Ghaly has been a consistent face in Newsom’s administration since 2019, when the pediatrician took office in the governor’s cabinet. Many California residents may recognize the bespectacled doctor as he often delivered the latest COVID-19 updates, either from a podium or from his desk with his kids’ colorful drawings in the background. 

When some in the public criticized Newsom’s pandemic rules as overreaching, Ghaly was often responsible for explaining the reasoning and the science behind the state’s decisions. He also gave the governor a COVID vaccine in a live broadcast when the shots became available.

“We went through a lot. I think we achieved a lot,” Ghaly said at a press conference. “Leaving state service by no means means leaving service of the state. I hope that I will continue to have opportunities to show up in lots of places and push an ambitious set of goals that lifts up as many vulnerable communities as possible.”

Newsom at the event said Ghaly is leaving the agency to “focus a little bit more on himself and his kids rather than 40 million Americans.” Newsom called Ghaly “the most transformative leader in the health space” in the U.S. in recent years.

“His steadfast leadership of California’s nation-leading response to the pandemic saved countless lives and set the stage for our state’s strong recovery,” Newsom said in a statement.

Ghaly will stay in his role through the end of the month. Newsom appointed Kim Johnson, who currently heads the California Department of Social Services, as the state’s new Health and Human Services secretary. Johnson will start her new role on Oct. 1. 

Focus on access to health care and cost

As the state’s top health official, Ghaly guided just about every health conversation in the state. He served as the board chair of the state’s health insurance marketplace, Covered California; he led a new board charged by law with bringing down the cost of health care, and he steered the Healthy For All Commission, a group of experts assigned with exploring paths to getting California to a state of health coverage for all residents. 
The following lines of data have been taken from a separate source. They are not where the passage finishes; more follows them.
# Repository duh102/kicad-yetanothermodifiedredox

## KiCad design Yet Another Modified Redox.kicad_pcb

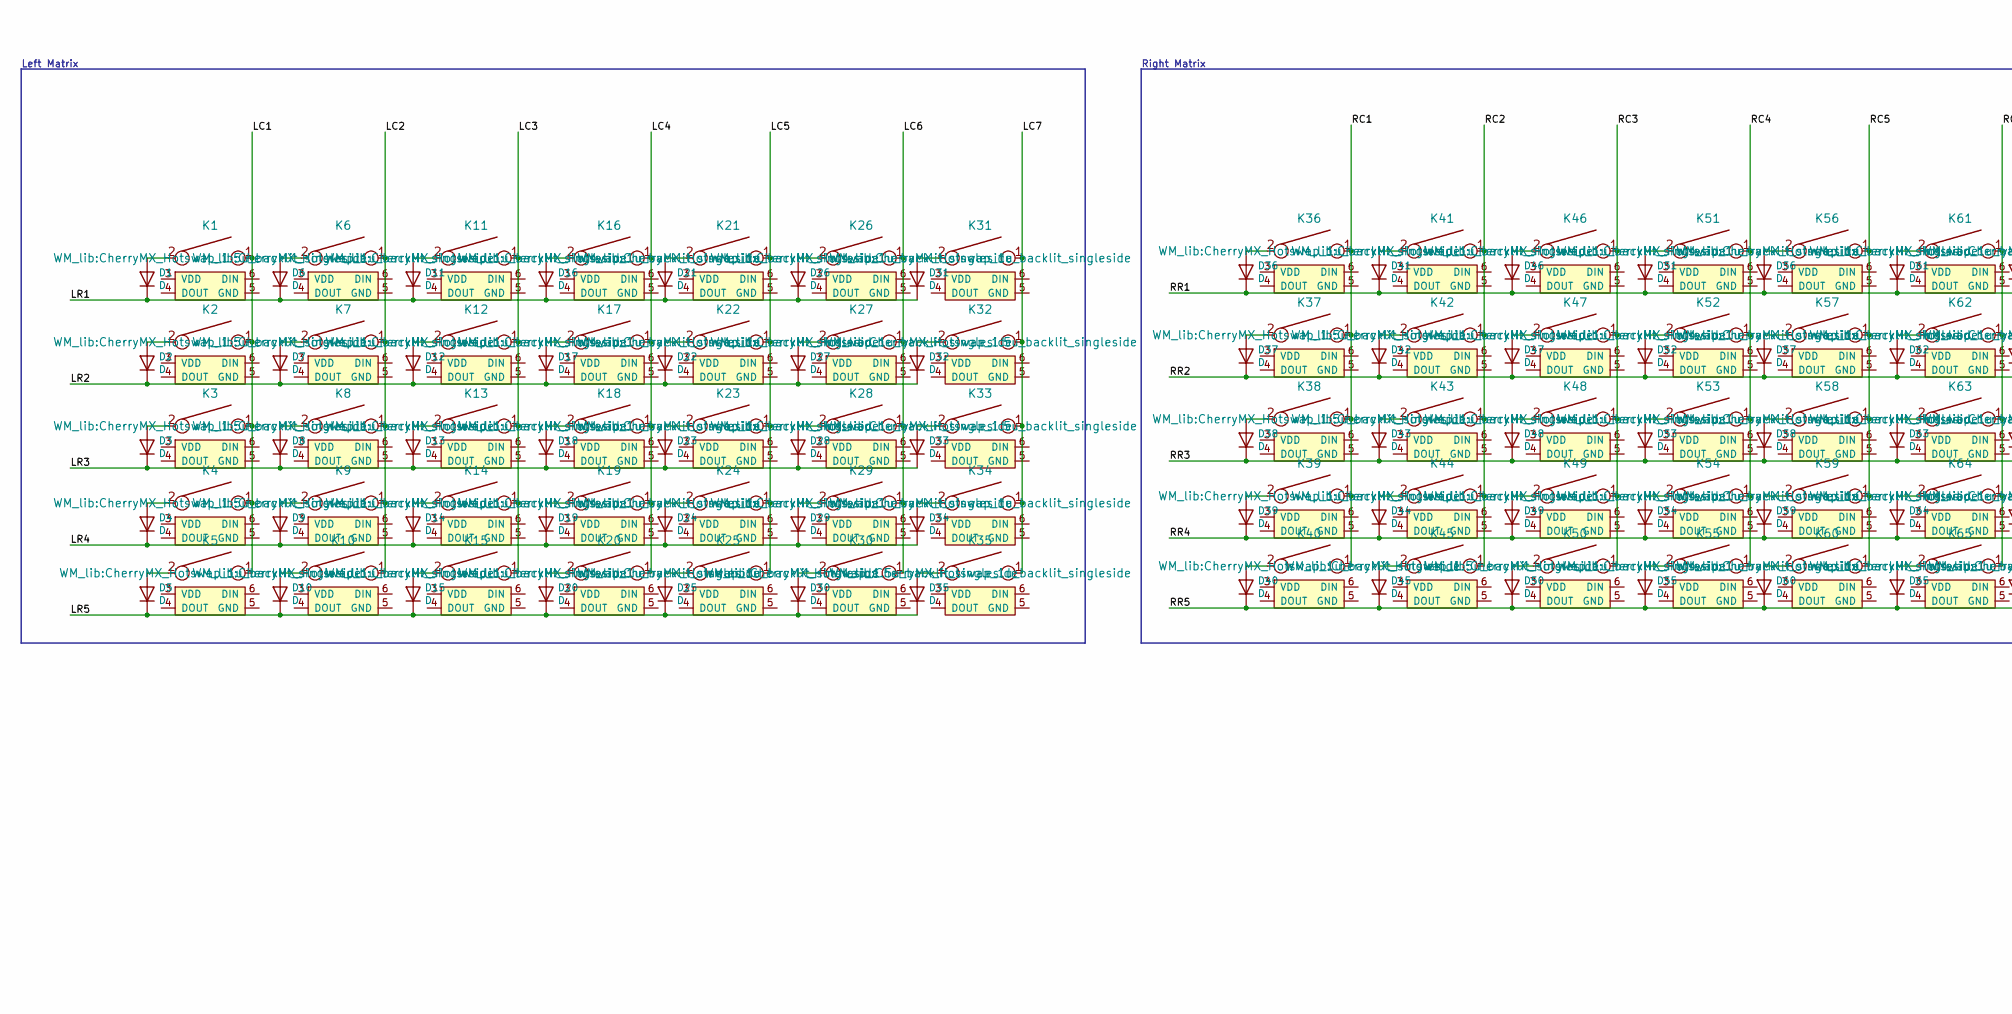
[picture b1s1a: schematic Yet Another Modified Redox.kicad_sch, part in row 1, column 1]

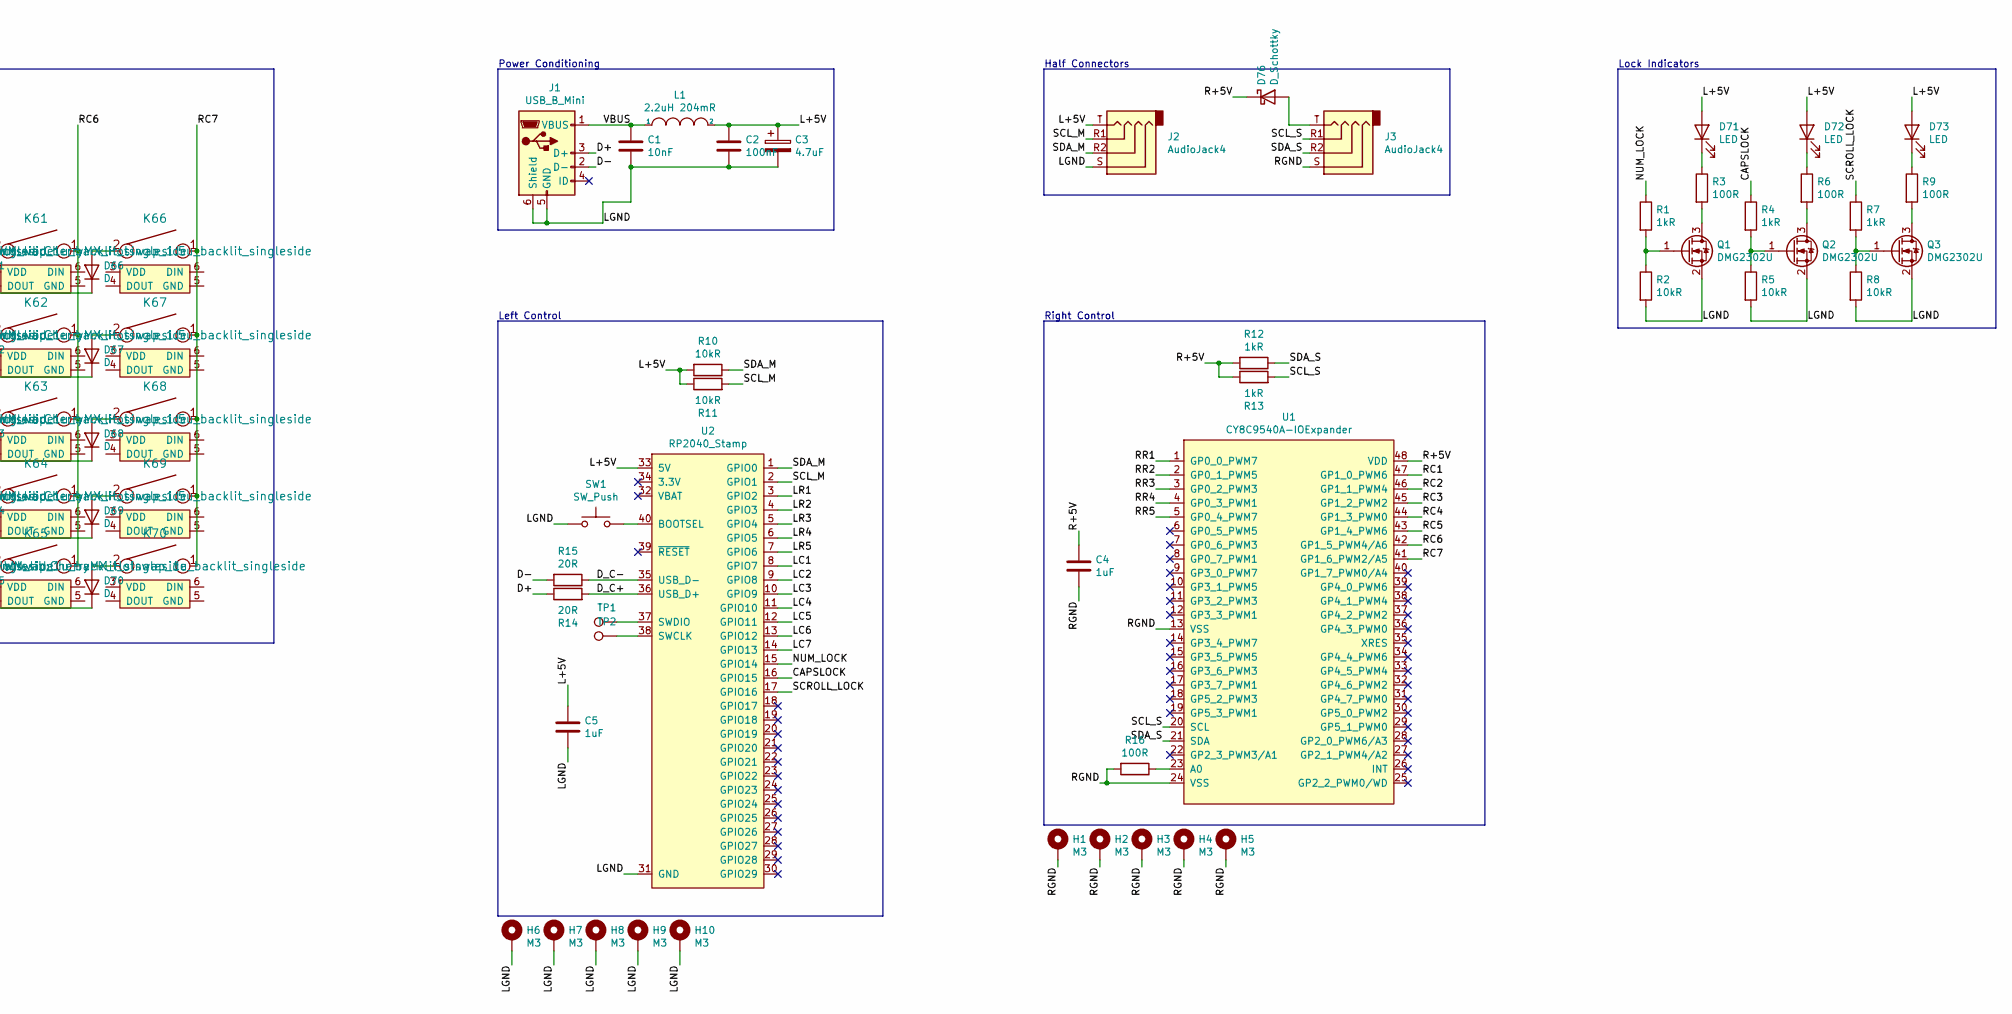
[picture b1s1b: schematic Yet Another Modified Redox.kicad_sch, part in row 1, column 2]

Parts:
C1: 10nF; C_0603_1608Metric
C2: 100nF; C_0603_1608Metric
C3: 4.7uF; CP_Radial_D4.0mm_P2.00mm
C4, C5: 1uF; C_0805_2012Metric
D1, D2, D3, D4, D5, D6, D7, D8, D9, D10, D11, D12, D13, D14, D15, D16, D17, D18, D19, D20, D21, D22, D23, D24, D25, D26, D27, D28, D29, D30, D31, D32, D33, D34, D35, D36, D37, D38, D39, D40, D41, D42, D43, D44, D45, D46, D47, D48, D49, D50, D51, D52, D53, D54, D55, D56, D57, D58, D59, D60, D61, D62, D63, D64, D65, D66, D67, D68, D69, D70: D; D3_TH_SMD_singleside
D71, D72, D73: LED; LED_D3.0mm
D76: D_Schottky; D_SOD-123
H1, H2, H3, H4, H5, H6, H7, H8, H9, H10: M3; MountingHole_3.2mm_M3_ISO14580_Pad
J1: USB_B_Mini; USB_Mini_B_Female_690-005-299-043
J2, J3: AudioJack4; TRRS-PJ-320A
K1, K2, K3, K4, K30, K32, K33, K37, K38, K45, K66, K67, K68, K69: KEYSW; CherryMX_Hotswap_1.5u_backlit_singleside
K5, K6, K7, K8, K9, K10, K11, K12, K13, K14, K15, K16, K17, K18, K19, K20, K21, K22, K23, K24, K25, K26, K27, K28, K29, K31, K34, K35, K36, K39, K40, K41, K42, K43, K44, K46, K47, K48, K49, K50, K51, K52, K53, K54, K55, K56, K57, K58, K59, K60, K61, K62, K63, K64, K65, K70: KEYSW; CherryMX_Hotswap_1u_backlit_singleside
L1: 2.2uH 204mR; L_0805_2012Metric_Pad1.15x1.40mm_HandSolder
Q1, Q2, Q3: DMG2302U; SOT-23
R1, R4, R7, R12, R13: 1kR; R_0805_2012Metric
R2, R5, R8, R10, R11: 10kR; R_0805_2012Metric
R3, R6, R9, R16: 100R; R_0805_2012Metric
R14, R15: 20R; R_0805_2012Metric
SW1: SW_Push; SW_SPST_SKQG_WithoutStem
TP1: TP; TestPoint_Pad_D2.0mm
TP2: TestPoint; TestPoint_Pad_D2.0mm
U1: CY8C9540A-IOExpander; SSOP-48_7.5x15.9mm_P0.635mm
U2: RP2040_Stamp; RP2040_Stamp_SMD

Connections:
/CAPSLOCK: R4.1, U2.16 (GPIO15)
/D+: J1.3 (D+), R14.1
/D-: J1.2 (D-), R15.2
/D_C+: R14.2, U2.36 (USB_D+)
/D_C-: R15.1, U2.35 (USB_D-)
/L+5V: C2.1, C3.1, C5.1, D71.2 (A), D72.2 (A), D73.2 (A), J2.T, L1.2, R10.2, R11.1, U2.33 (5V)
/LC1: K1.1, K2.1, K3.1, K4.1, K5.1, U2.8 (GPIO7)
/LC2: K6.1, K7.1, K8.1, K9.1, K10.1, U2.9 (GPIO8)
/LC3: K11.1, K12.1, K13.1, K14.1, K15.1, U2.10 (GPIO9)
/LC4: K16.1, K17.1, K18.1, K19.1, K20.1, U2.11 (GPIO10)
/LC5: K21.1, K22.1, K23.1, K24.1, K25.1, U2.12 (GPIO11)
/LC6: K26.1, K27.1, K28.1, K29.1, K30.1, U2.13 (GPIO12)
/LC7: K31.1, K32.1, K33.1, K34.1, K35.1, U2.14 (GPIO13)
/LGND: C1.2, C2.2, C3.2, C5.2, H6.1, H7.1, H8.1, H9.1, H10.1, J1.5 (GND), J1.6 (Shield), J2.S, Q1.2 (S), Q2.2 (S), Q3.2 (S), R2.2, R5.2, R8.2, SW1.1, U2.31 (GND)
/LR1: D1.1 (K), D6.1 (K), D11.1 (K), D16.1 (K), D21.1 (K), D26.1 (K), D31.1 (K), U2.3 (GPIO2)
/LR2: D2.1 (K), D7.1 (K), D12.1 (K), D17.1 (K), D22.1 (K), D27.1 (K), D32.1 (K), U2.4 (GPIO3)
/LR3: D3.1 (K), D8.1 (K), D13.1 (K), D18.1 (K), D23.1 (K), D28.1 (K), D33.1 (K), U2.5 (GPIO4)
/LR4: D4.1 (K), D9.1 (K), D14.1 (K), D19.1 (K), D24.1 (K), D29.1 (K), D34.1 (K), U2.6 (GPIO5)
/LR5: D5.1 (K), D10.1 (K), D15.1 (K), D20.1 (K), D25.1 (K), D30.1 (K), D35.1 (K), U2.7 (GPIO6)
/NUM_LOCK: R1.1, U2.15 (GPIO14)
/R+5V: C4.1, D76.1 (K), R12.2, R13.1, U1.48 (VDD)
/RC1: K36.1, K37.1, K38.1, K39.1, K40.1, U1.47 (GP1_0_PWM6)
/RC2: K41.1, K42.1, K43.1, K44.1, K45.1, U1.46 (GP1_1_PWM4)
/RC3: K46.1, K47.1, K48.1, K49.1, K50.1, U1.45 (GP1_2_PWM2)
/RC4: K51.1, K52.1, K53.1, K54.1, K55.1, U1.44 (GP1_3_PWM0)
/RC5: K56.1, K57.1, K58.1, K59.1, K60.1, U1.43 (GP1_4_PWM6)
/RC6: K61.1, K62.1, K63.1, K64.1, K65.1, U1.42 (GP1_5_PWM4/A6)
/RC7: K66.1, K67.1, K68.1, K69.1, K70.1, U1.41 (GP1_6_PWM2/A5)
/RGND: C4.2, H1.1, H2.1, H3.1, H4.1, H5.1, J3.S, R16.2, U1.13 (VSS), U1.24 (VSS)
/RR1: D36.1 (K), D41.1 (K), D46.1 (K), D51.1 (K), D56.1 (K), D61.1 (K), D66.1 (K), U1.1 (GP0_0_PWM7)
/RR2: D37.1 (K), D42.1 (K), D47.1 (K), D52.1 (K), D57.1 (K), D62.1 (K), D67.1 (K), U1.2 (GP0_1_PWM5)
/RR3: D38.1 (K), D43.1 (K), D48.1 (K), D53.1 (K), D58.1 (K), D63.1 (K), D68.1 (K), U1.3 (GP0_2_PWM3)
/RR4: D39.1 (K), D44.1 (K), D49.1 (K), D54.1 (K), D59.1 (K), D64.1 (K), D69.1 (K), U1.4 (GP0_3_PWM1)
/RR5: D40.1 (K), D45.1 (K), D50.1 (K), D55.1 (K), D60.1 (K), D65.1 (K), D70.1 (K), U1.5 (GP0_4_PWM7)
/SCL_M: J2.R1, R11.2, U2.2 (GPIO1)
/SCL_S: J3.R1, R13.2, U1.20 (SCL)
/SCROLL_LOCK: R7.1, U2.17 (GPIO16)
/SDA_M: J2.R2, R10.1, U2.1 (GPIO0)
/SDA_S: J3.R2, R12.1, U1.21 (SDA)
/VBUS: C1.1, J1.1 (VBUS), L1.1
unnamed: D1.2 (A), K1.2
unnamed: D2.2 (A), K2.2
unnamed: D3.2 (A), K3.2
unnamed: D4.2 (A), K4.2
unnamed: D5.2 (A), K5.2
unnamed: D6.2 (A), K6.2
unnamed: D7.2 (A), K7.2
unnamed: D8.2 (A), K8.2
unnamed: D9.2 (A), K9.2
unnamed: D10.2 (A), K10.2
unnamed: D11.2 (A), K11.2
unnamed: D12.2 (A), K12.2
unnamed: D13.2 (A), K13.2
unnamed: D14.2 (A), K14.2
unnamed: D15.2 (A), K15.2
unnamed: D16.2 (A), K16.2
unnamed: D17.2 (A), K17.2
unnamed: D18.2 (A), K18.2
unnamed: D19.2 (A), K19.2
unnamed: D20.2 (A), K20.2
unnamed: D21.2 (A), K21.2
unnamed: D22.2 (A), K22.2
unnamed: D23.2 (A), K23.2
unnamed: D24.2 (A), K24.2
unnamed: D25.2 (A), K25.2
unnamed: D26.2 (A), K26.2
unnamed: D27.2 (A), K27.2
unnamed: D28.2 (A), K28.2
unnamed: D29.2 (A), K29.2
unnamed: D30.2 (A), K30.2
unnamed: D31.2 (A), K31.2
unnamed: D32.2 (A), K32.2
unnamed: D33.2 (A), K33.2
unnamed: D34.2 (A), K34.2
unnamed: D35.2 (A), K35.2
unnamed: D36.2 (A), K36.2
unnamed: D37.2 (A), K37.2
unnamed: D38.2 (A), K38.2
unnamed: D39.2 (A), K39.2
unnamed: D40.2 (A), K40.2
unnamed: D41.2 (A), K41.2
unnamed: D42.2 (A), K42.2
unnamed: D43.2 (A), K43.2
unnamed: D44.2 (A), K44.2
unnamed: D45.2 (A), K45.2
unnamed: D46.2 (A), K46.2
unnamed: D47.2 (A), K47.2
unnamed: D48.2 (A), K48.2
unnamed: D49.2 (A), K49.2
unnamed: D50.2 (A), K50.2
unnamed: D51.2 (A), K51.2
unnamed: D52.2 (A), K52.2
unnamed: D53.2 (A), K53.2
unnamed: D54.2 (A), K54.2
unnamed: D55.2 (A), K55.2
unnamed: D56.2 (A), K56.2
unnamed: D57.2 (A), K57.2
unnamed: D58.2 (A), K58.2
unnamed: D59.2 (A), K59.2
unnamed: D60.2 (A), K60.2
unnamed: D61.2 (A), K61.2
unnamed: D62.2 (A), K62.2
unnamed: D63.2 (A), K63.2
unnamed: D64.2 (A), K64.2
unnamed: D65.2 (A), K65.2
unnamed: D66.2 (A), K66.2
unnamed: D67.2 (A), K67.2
unnamed: D68.2 (A), K68.2
unnamed: D69.2 (A), K69.2
unnamed: D70.2 (A), K70.2
unnamed: D71.1 (K), R3.1
unnamed: D72.1 (K), R6.1
unnamed: D73.1 (K), R9.1
unnamed: D76.2 (A), J3.T
unnamed: Q1.1 (G), R1.2, R2.1
unnamed: Q1.3 (D), R3.2
unnamed: Q2.1 (G), R4.2, R5.1
unnamed: Q2.3 (D), R6.2
unnamed: Q3.1 (G), R7.2, R8.1
unnamed: Q3.3 (D), R9.2
unnamed: R16.1, U1.23 (A0)
unnamed: SW1.2, U2.40 (BOOTSEL)
unnamed: TP1.1, U2.37 (SWDIO)
unnamed: TP2.1, U2.38 (SWCLK)

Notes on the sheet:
Half Connectors
Power Conditioning
Left Control
Right Control
Right Matrix
Lock Indicators
Left Matrix

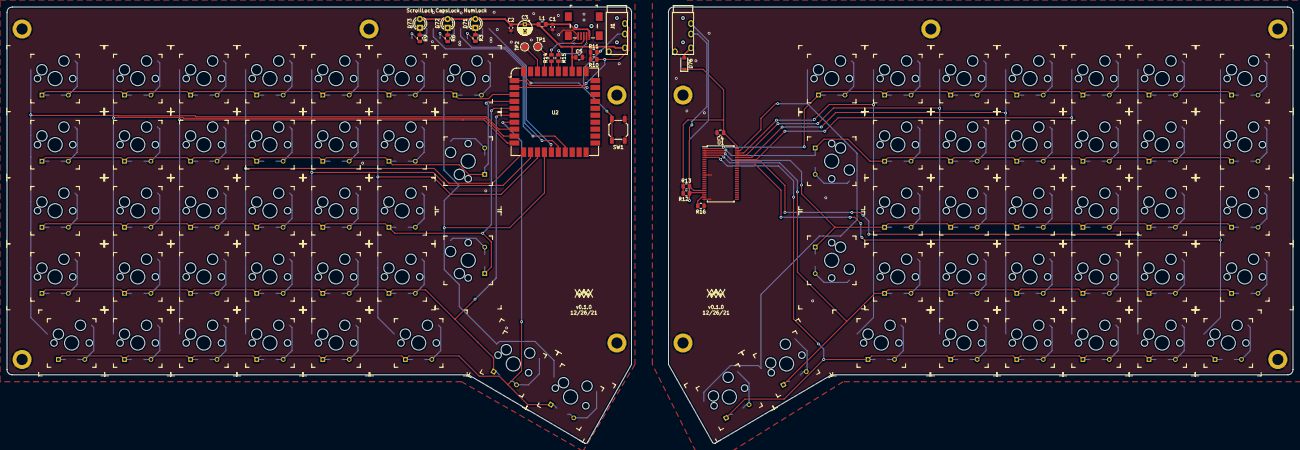
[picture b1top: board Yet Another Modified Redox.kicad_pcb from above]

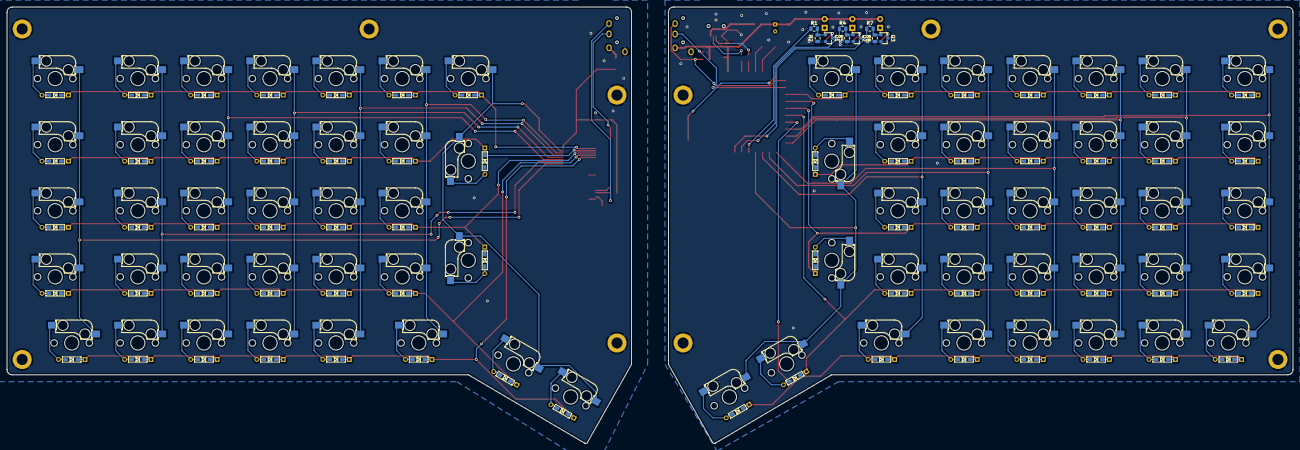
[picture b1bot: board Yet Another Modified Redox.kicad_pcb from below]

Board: 2 copper layers, 370.6 x 125.8 mm, 186 parts (79 on the bottom side), 124 nets.

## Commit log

2021-03-16 Initial commit; v0.0.1
2022-01-28 Update to use rp2040 stamp

“That doesn’t happen without a center of gravity that allows things to align for change,” said Dr. Sandra Hernandez, president of the California Health Care Foundation, who has worked with Ghaly on multiple health commissions, including the state’s affordability board and Covered California.

Advocates and community groups have worked for decades on many of the health care changes that took place during Ghaly’s tenure, including the multibillion-dollar overhaul of the state’s public insurance program known as CalAIM, but Hernandez credits Ghaly for his “unique ability to see how all the pieces work together.”

“To move all of the necessary levers of government to make those things come together and have momentum…that’s extraordinary leadership,” Hernandez said.

Newsom also credited Ghaly with overhauling California’s behavioral health system to expand treatment for people in need; creating a blueprint for the state to better serve aging Californians; and launching CalRx, an initiative for the state to manufacture and distribute its own, more affordable medications, starting with insulin and naloxone.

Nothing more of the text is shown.